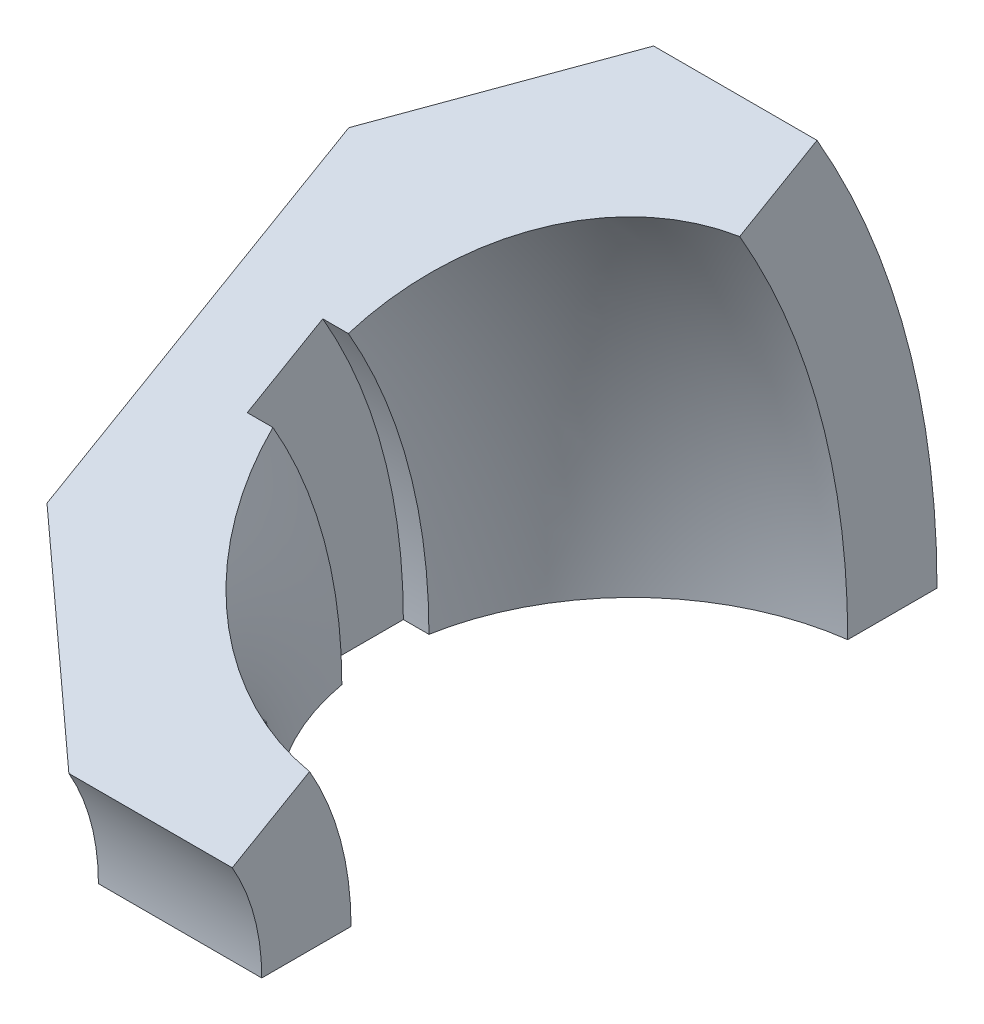
ISO-10303-21;
HEADER;
FILE_DESCRIPTION(('STEP AP214'),'2;1');
FILE_NAME('part.step','',(''),(''),'','','');
FILE_SCHEMA(('AUTOMOTIVE_DESIGN { 1 0 10303 214 1 1 1 1 }'));
ENDSEC;
DATA;
#1=APPLICATION_CONTEXT('core data for automotive mechanical design processes');
#2=APPLICATION_PROTOCOL_DEFINITION('international standard','automotive_design',2000,#1);
#3=PRODUCT_CONTEXT('',#1,'mechanical');
#4=PRODUCT('Part','Part','',(#3));
#5=PRODUCT_RELATED_PRODUCT_CATEGORY('part','',(#4));
#6=PRODUCT_DEFINITION_FORMATION('','',#4);
#7=PRODUCT_DEFINITION_CONTEXT('part definition',#1,'design');
#8=PRODUCT_DEFINITION('design','',#6,#7);
#9=PRODUCT_DEFINITION_SHAPE('','',#8);
#10=(LENGTH_UNIT() NAMED_UNIT(*) SI_UNIT(.MILLI.,.METRE.));
#11=(NAMED_UNIT(*) PLANE_ANGLE_UNIT() SI_UNIT($,.RADIAN.));
#12=(NAMED_UNIT(*) SI_UNIT($,.STERADIAN.) SOLID_ANGLE_UNIT());
#13=UNCERTAINTY_MEASURE_WITH_UNIT(LENGTH_MEASURE(1.E-05),#10,'distance_accuracy_value','');
#14=(GEOMETRIC_REPRESENTATION_CONTEXT(3) GLOBAL_UNCERTAINTY_ASSIGNED_CONTEXT((#13)) GLOBAL_UNIT_ASSIGNED_CONTEXT((#10,
#11,#12)) REPRESENTATION_CONTEXT('',''));
#15=CARTESIAN_POINT('',(0.,0.,0.));
#16=DIRECTION('',(0.,0.,1.));
#17=DIRECTION('',(1.,0.,0.));
#18=AXIS2_PLACEMENT_3D('',#15,#16,#17);
#19=CARTESIAN_POINT('',(0.,25.6217782649108,6.86533479473208));
#20=DIRECTION('',(0.,-0.866025403784447,-0.499999999999986));
#21=DIRECTION('',(0.,0.499999999999986,-0.866025403784447));
#22=AXIS2_PLACEMENT_3D('',#19,#20,#21);
#23=PLANE('',#22);
#24=DIRECTION('',(-1.,0.,0.));
#25=VECTOR('',#24,1.);
#26=CARTESIAN_POINT('',(-33.,10.1217782649112,33.71212231205));
#27=LINE('',#26,#25);
#28=CARTESIAN_POINT('',(-3.00000000000001,10.1217782649112,33.71212231205));
#29=VERTEX_POINT('',#28);
#30=CARTESIAN_POINT('',(-18.,10.1217782649112,33.71212231205));
#31=VERTEX_POINT('',#30);
#32=EDGE_CURVE('E189',#29,#31,#27,.T.);
#33=ORIENTED_EDGE('',*,*,#32,.F.);
#34=DIRECTION('',(0.,-0.499999999999986,0.866025403784447));
#35=VECTOR('',#34,1.);
#36=CARTESIAN_POINT('',(-3.00000000000001,10.1217782649112,33.71212231205));
#37=LINE('',#36,#35);
#38=CARTESIAN_POINT('',(-3.00000000000001,14.2200240139197,26.6137524528638));
#39=VERTEX_POINT('',#38);
#40=EDGE_CURVE('E181',#39,#29,#37,.T.);
#41=ORIENTED_EDGE('',*,*,#40,.F.);
#42=CARTESIAN_POINT('',(0.,25.6217782649108,6.86533479473208));
#43=DIRECTION('',(0.,0.866025403784447,0.499999999999986));
#44=DIRECTION('',(0.,0.499999999999986,-0.866025403784447));
#45=AXIS2_PLACEMENT_3D('',#42,#43,#44);
#46=CIRCLE('',#45,23.0000000000001);
#47=CARTESIAN_POINT('',(-22.6495033058122,23.6217782649108,10.3294364098699));
#48=VERTEX_POINT('',#47);
#49=EDGE_CURVE('E173',#48,#39,#46,.T.);
#50=ORIENTED_EDGE('',*,*,#49,.F.);
#51=DIRECTION('',(1.,0.,0.));
#52=VECTOR('',#51,1.);
#53=CARTESIAN_POINT('',(-22.6495033058122,23.6217782649108,10.3294364098699));
#54=LINE('',#53,#52);
#55=CARTESIAN_POINT('',(-25.,23.6217782649108,10.3294364098699));
#56=VERTEX_POINT('',#55);
#57=EDGE_CURVE('E165',#56,#48,#54,.T.);
#58=ORIENTED_EDGE('',*,*,#57,.F.);
#59=DIRECTION('',(0.,-0.499999999999986,0.866025403784447));
#60=VECTOR('',#59,1.);
#61=CARTESIAN_POINT('',(-25.,27.6217782649107,3.40123317959437));
#62=LINE('',#61,#60);
#63=CARTESIAN_POINT('',(-25.,27.6217782649107,3.40123317959437));
#64=VERTEX_POINT('',#63);
#65=EDGE_CURVE('E151',#64,#56,#62,.T.);
#66=ORIENTED_EDGE('',*,*,#65,.F.);
#67=DIRECTION('',(-1.,0.,0.));
#68=VECTOR('',#67,1.);
#69=CARTESIAN_POINT('',(-25.,27.6217782649107,3.40123317959437));
#70=LINE('',#69,#68);
#71=CARTESIAN_POINT('',(-22.6495033058122,27.6217782649107,3.40123317959437));
#72=VERTEX_POINT('',#71);
#73=EDGE_CURVE('E149',#72,#64,#70,.T.);
#74=ORIENTED_EDGE('',*,*,#73,.F.);
#75=CARTESIAN_POINT('',(0.,25.6217782649108,6.86533479473216));
#76=DIRECTION('',(0.,0.866025403784447,0.499999999999986));
#77=DIRECTION('',(0.,0.499999999999986,-0.866025403784447));
#78=AXIS2_PLACEMENT_3D('',#75,#76,#77);
#79=CIRCLE('',#78,23.);
#80=CARTESIAN_POINT('',(-3.00000000000001,37.0235325159018,-12.8830828633995));
#81=VERTEX_POINT('',#80);
#82=EDGE_CURVE('E130',#81,#72,#79,.T.);
#83=ORIENTED_EDGE('',*,*,#82,.F.);
#84=DIRECTION('',(0.,-0.499999999999986,0.866025403784447));
#85=VECTOR('',#84,1.);
#86=CARTESIAN_POINT('',(-3.00000000000001,37.0235325159018,-12.8830828633995));
#87=LINE('',#86,#85);
#88=CARTESIAN_POINT('',(-3.,41.1217782649103,-19.9814527225857));
#89=VERTEX_POINT('',#88);
#90=EDGE_CURVE('E137',#89,#81,#87,.T.);
#91=ORIENTED_EDGE('',*,*,#90,.F.);
#92=DIRECTION('',(1.,0.,0.));
#93=VECTOR('',#92,1.);
#94=CARTESIAN_POINT('',(-3.,41.1217782649103,-19.9814527225857));
#95=LINE('',#94,#93);
#96=CARTESIAN_POINT('',(-18.,41.1217782649103,-19.9814527225857));
#97=VERTEX_POINT('',#96);
#98=EDGE_CURVE('E144',#97,#89,#95,.T.);
#99=ORIENTED_EDGE('',*,*,#98,.F.);
#100=DIRECTION('',(-0.707106781186546,-0.353553390593265,0.612372435695802));
#101=VECTOR('',#100,1.);
#102=CARTESIAN_POINT('',(-100.243556529823,0.,51.2435565298233));
#103=LINE('',#102,#101);
#104=CARTESIAN_POINT('',(-33.,33.6217782649105,-6.99107166581893));
#105=VERTEX_POINT('',#104);
#106=EDGE_CURVE('E222',#105,#97,#103,.F.);
#107=ORIENTED_EDGE('',*,*,#106,.F.);
#108=DIRECTION('',(0.,0.499999999999986,-0.866025403784447));
#109=VECTOR('',#108,1.);
#110=CARTESIAN_POINT('',(-33.,41.1217782649103,-19.9814527225857));
#111=LINE('',#110,#109);
#112=CARTESIAN_POINT('',(-33.,17.621778264911,20.7217412552833));
#113=VERTEX_POINT('',#112);
#114=EDGE_CURVE('E197',#113,#105,#111,.T.);
#115=ORIENTED_EDGE('',*,*,#114,.F.);
#116=DIRECTION('',(-0.707106781186549,0.353553390593264,-0.612372435695799));
#117=VECTOR('',#116,1.);
#118=CARTESIAN_POINT('',(2.24355652982317,0.,51.2435565298233));
#119=LINE('',#118,#117);
#120=EDGE_CURVE('E45',#31,#113,#119,.T.);
#121=ORIENTED_EDGE('',*,*,#120,.F.);
#122=EDGE_LOOP('',(#33,#41,#50,#58,#66,#74,#83,#91,#99,#107,#115,#121));
#123=FACE_BOUND('',#122,.T.);
#124=ADVANCED_FACE('F37',(#123),#23,.F.);
#125=CARTESIAN_POINT('',(0.,0.,0.));
#126=DIRECTION('',(0.,-1.,0.));
#127=DIRECTION('',(0.,0.,-1.));
#128=AXIS2_PLACEMENT_3D('',#125,#126,#127);
#129=PLANE('',#128);
#130=DIRECTION('',(0.,0.,-1.));
#131=VECTOR('',#130,1.);
#132=CARTESIAN_POINT('',(-33.,0.,-31.));
#133=LINE('',#132,#131);
#134=CARTESIAN_POINT('',(-33.,0.,16.));
#135=VERTEX_POINT('',#134);
#136=CARTESIAN_POINT('',(-33.,0.,-15.9999999999999));
#137=VERTEX_POINT('',#136);
#138=EDGE_CURVE('E200',#135,#137,#133,.T.);
#139=ORIENTED_EDGE('',*,*,#138,.T.);
#140=DIRECTION('',(-0.707106781186546,0.,0.707106781186549));
#141=VECTOR('',#140,1.);
#142=CARTESIAN_POINT('',(-100.243556529823,0.,51.2435565298231));
#143=LINE('',#142,#141);
#144=CARTESIAN_POINT('',(-18.,0.,-31.));
#145=VERTEX_POINT('',#144);
#146=EDGE_CURVE('E216',#145,#137,#143,.T.);
#147=ORIENTED_EDGE('',*,*,#146,.F.);
#148=DIRECTION('',(1.,0.,0.));
#149=VECTOR('',#148,1.);
#150=CARTESIAN_POINT('',(-3.,0.,-31.));
#151=LINE('',#150,#149);
#152=CARTESIAN_POINT('',(-3.,0.,-31.));
#153=VERTEX_POINT('',#152);
#154=EDGE_CURVE('E205',#145,#153,#151,.T.);
#155=ORIENTED_EDGE('',*,*,#154,.T.);
#156=DIRECTION('',(0.,0.,1.));
#157=VECTOR('',#156,1.);
#158=CARTESIAN_POINT('',(-3.00000000000001,0.,-22.8035085019828));
#159=LINE('',#158,#157);
#160=CARTESIAN_POINT('',(-3.00000000000001,0.,-22.8035085019828));
#161=VERTEX_POINT('',#160);
#162=EDGE_CURVE('E209',#153,#161,#159,.T.);
#163=ORIENTED_EDGE('',*,*,#162,.T.);
#164=CARTESIAN_POINT('',(0.,0.,0.));
#165=DIRECTION('',(0.,1.,0.));
#166=DIRECTION('',(0.,0.,-1.));
#167=AXIS2_PLACEMENT_3D('',#164,#165,#166);
#168=CIRCLE('',#167,23.);
#169=CARTESIAN_POINT('',(-22.6495033058122,0.,-4.));
#170=VERTEX_POINT('',#169);
#171=EDGE_CURVE('E133',#161,#170,#168,.T.);
#172=ORIENTED_EDGE('',*,*,#171,.T.);
#173=DIRECTION('',(-1.,0.,0.));
#174=VECTOR('',#173,1.);
#175=CARTESIAN_POINT('',(-25.,0.,-4.));
#176=LINE('',#175,#174);
#177=CARTESIAN_POINT('',(-25.,0.,-4.));
#178=VERTEX_POINT('',#177);
#179=EDGE_CURVE('E156',#170,#178,#176,.T.);
#180=ORIENTED_EDGE('',*,*,#179,.T.);
#181=DIRECTION('',(0.,0.,1.));
#182=VECTOR('',#181,1.);
#183=CARTESIAN_POINT('',(-25.,0.,-4.));
#184=LINE('',#183,#182);
#185=CARTESIAN_POINT('',(-25.,0.,4.));
#186=VERTEX_POINT('',#185);
#187=EDGE_CURVE('E162',#178,#186,#184,.T.);
#188=ORIENTED_EDGE('',*,*,#187,.T.);
#189=DIRECTION('',(1.,0.,0.));
#190=VECTOR('',#189,1.);
#191=CARTESIAN_POINT('',(-22.6495033058122,0.,4.));
#192=LINE('',#191,#190);
#193=CARTESIAN_POINT('',(-22.6495033058122,0.,4.));
#194=VERTEX_POINT('',#193);
#195=EDGE_CURVE('E170',#186,#194,#192,.T.);
#196=ORIENTED_EDGE('',*,*,#195,.T.);
#197=CARTESIAN_POINT('',(0.,0.,0.));
#198=DIRECTION('',(0.,1.,0.));
#199=DIRECTION('',(0.,0.,-1.));
#200=AXIS2_PLACEMENT_3D('',#197,#198,#199);
#201=CIRCLE('',#200,23.0000000000001);
#202=CARTESIAN_POINT('',(-3.00000000000001,0.,22.8035085019828));
#203=VERTEX_POINT('',#202);
#204=EDGE_CURVE('E178',#194,#203,#201,.T.);
#205=ORIENTED_EDGE('',*,*,#204,.T.);
#206=DIRECTION('',(0.,0.,1.));
#207=VECTOR('',#206,1.);
#208=CARTESIAN_POINT('',(-3.00000000000001,0.,31.));
#209=LINE('',#208,#207);
#210=CARTESIAN_POINT('',(-3.00000000000001,0.,31.));
#211=VERTEX_POINT('',#210);
#212=EDGE_CURVE('E186',#203,#211,#209,.T.);
#213=ORIENTED_EDGE('',*,*,#212,.T.);
#214=DIRECTION('',(-1.,0.,0.));
#215=VECTOR('',#214,1.);
#216=CARTESIAN_POINT('',(-33.,0.,31.));
#217=LINE('',#216,#215);
#218=CARTESIAN_POINT('',(-18.,0.,31.));
#219=VERTEX_POINT('',#218);
#220=EDGE_CURVE('E194',#211,#219,#217,.T.);
#221=ORIENTED_EDGE('',*,*,#220,.T.);
#222=DIRECTION('',(-0.707106781186549,0.,-0.707106781186546));
#223=VECTOR('',#222,1.);
#224=CARTESIAN_POINT('',(2.24355652982317,0.,51.2435565298231));
#225=LINE('',#224,#223);
#226=EDGE_CURVE('E219',#135,#219,#225,.F.);
#227=ORIENTED_EDGE('',*,*,#226,.F.);
#228=EDGE_LOOP('',(#139,#147,#155,#163,#172,#180,#188,#196,#205,#213,#221,#227));
#229=FACE_BOUND('',#228,.T.);
#230=ADVANCED_FACE('F232',(#229),#129,.T.);
#231=CARTESIAN_POINT('',(0.,-4.5102810375397E-13,51.2435565298231));
#232=DIRECTION('',(1.,0.,0.));
#233=DIRECTION('',(0.,0.,1.));
#234=AXIS2_PLACEMENT_3D('',#231,#232,#233);
#235=TOROIDAL_SURFACE('',#234,51.2435565298231,23.);
#236=CARTESIAN_POINT('',(-22.6495033058122,-4.5102810375397E-13,51.2435565298231));
#237=DIRECTION('',(-1.,0.,0.));
#238=DIRECTION('',(0.,0.499999999999993,-0.866025403784442));
#239=AXIS2_PLACEMENT_3D('',#236,#237,#238);
#240=CIRCLE('',#239,55.2435565298231);
#241=EDGE_CURVE('E155',#72,#170,#240,.T.);
#242=ORIENTED_EDGE('',*,*,#241,.T.);
#243=ORIENTED_EDGE('',*,*,#171,.F.);
#244=CARTESIAN_POINT('',(-3.00000000000001,-4.5102810375397E-13,51.2435565298231));
#245=DIRECTION('',(-1.,0.,0.));
#246=DIRECTION('',(0.,0.499999999999992,-0.866025403784443));
#247=AXIS2_PLACEMENT_3D('',#244,#245,#246);
#248=CIRCLE('',#247,74.0470650318058);
#249=EDGE_CURVE('E126',#81,#161,#248,.T.);
#250=ORIENTED_EDGE('',*,*,#249,.F.);
#251=ORIENTED_EDGE('',*,*,#82,.T.);
#252=EDGE_LOOP('',(#242,#243,#250,#251));
#253=FACE_BOUND('',#252,.T.);
#254=ADVANCED_FACE('F128',(#253),#235,.F.);
#255=CARTESIAN_POINT('',(0.,-4.5102810375397E-13,51.2435565298231));
#256=DIRECTION('',(1.,0.,0.));
#257=DIRECTION('',(0.,0.,1.));
#258=AXIS2_PLACEMENT_3D('',#255,#256,#257);
#259=CYLINDRICAL_SURFACE('',#258,55.2435565298231);
#260=CARTESIAN_POINT('',(-25.,-4.5102810375397E-13,51.2435565298231));
#261=DIRECTION('',(-1.,0.,0.));
#262=DIRECTION('',(0.,0.499999999999993,-0.866025403784442));
#263=AXIS2_PLACEMENT_3D('',#260,#261,#262);
#264=CIRCLE('',#263,55.2435565298231);
#265=EDGE_CURVE('E160',#64,#178,#264,.T.);
#266=ORIENTED_EDGE('',*,*,#265,.T.);
#267=ORIENTED_EDGE('',*,*,#179,.F.);
#268=ORIENTED_EDGE('',*,*,#241,.F.);
#269=ORIENTED_EDGE('',*,*,#73,.T.);
#270=EDGE_LOOP('',(#266,#267,#268,#269));
#271=FACE_BOUND('',#270,.T.);
#272=ADVANCED_FACE('F253',(#271),#259,.F.);
#273=CARTESIAN_POINT('',(-25.,27.6217782649107,3.40123317959437));
#274=DIRECTION('',(-1.,0.,0.));
#275=DIRECTION('',(0.,0.,-1.));
#276=AXIS2_PLACEMENT_3D('',#273,#274,#275);
#277=PLANE('',#276);
#278=CARTESIAN_POINT('',(-25.,-4.5102810375397E-13,51.2435565298231));
#279=DIRECTION('',(-1.,0.,0.));
#280=DIRECTION('',(0.,0.499999999999995,-0.866025403784442));
#281=AXIS2_PLACEMENT_3D('',#278,#279,#280);
#282=CIRCLE('',#281,47.2435565298231);
#283=EDGE_CURVE('E168',#56,#186,#282,.T.);
#284=ORIENTED_EDGE('',*,*,#283,.T.);
#285=ORIENTED_EDGE('',*,*,#187,.F.);
#286=ORIENTED_EDGE('',*,*,#265,.F.);
#287=ORIENTED_EDGE('',*,*,#65,.T.);
#288=EDGE_LOOP('',(#284,#285,#286,#287));
#289=FACE_BOUND('',#288,.T.);
#290=ADVANCED_FACE('F249',(#289),#277,.F.);
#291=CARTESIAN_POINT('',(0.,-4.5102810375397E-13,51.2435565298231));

◆ **Assignment**
Look in the material above for the line with "#124=ADVANCED_FACE('F37',(#123),#23,.F.);" and the line with "#135=VERTEX_POINT('',#134);", and transcribe exactly those lines and all lines between them, nothing more.

◆ **Solution for this problem**
#124=ADVANCED_FACE('F37',(#123),#23,.F.);
#125=CARTESIAN_POINT('',(0.,0.,0.));
#126=DIRECTION('',(0.,-1.,0.));
#127=DIRECTION('',(0.,0.,-1.));
#128=AXIS2_PLACEMENT_3D('',#125,#126,#127);
#129=PLANE('',#128);
#130=DIRECTION('',(0.,0.,-1.));
#131=VECTOR('',#130,1.);
#132=CARTESIAN_POINT('',(-33.,0.,-31.));
#133=LINE('',#132,#131);
#134=CARTESIAN_POINT('',(-33.,0.,16.));
#135=VERTEX_POINT('',#134);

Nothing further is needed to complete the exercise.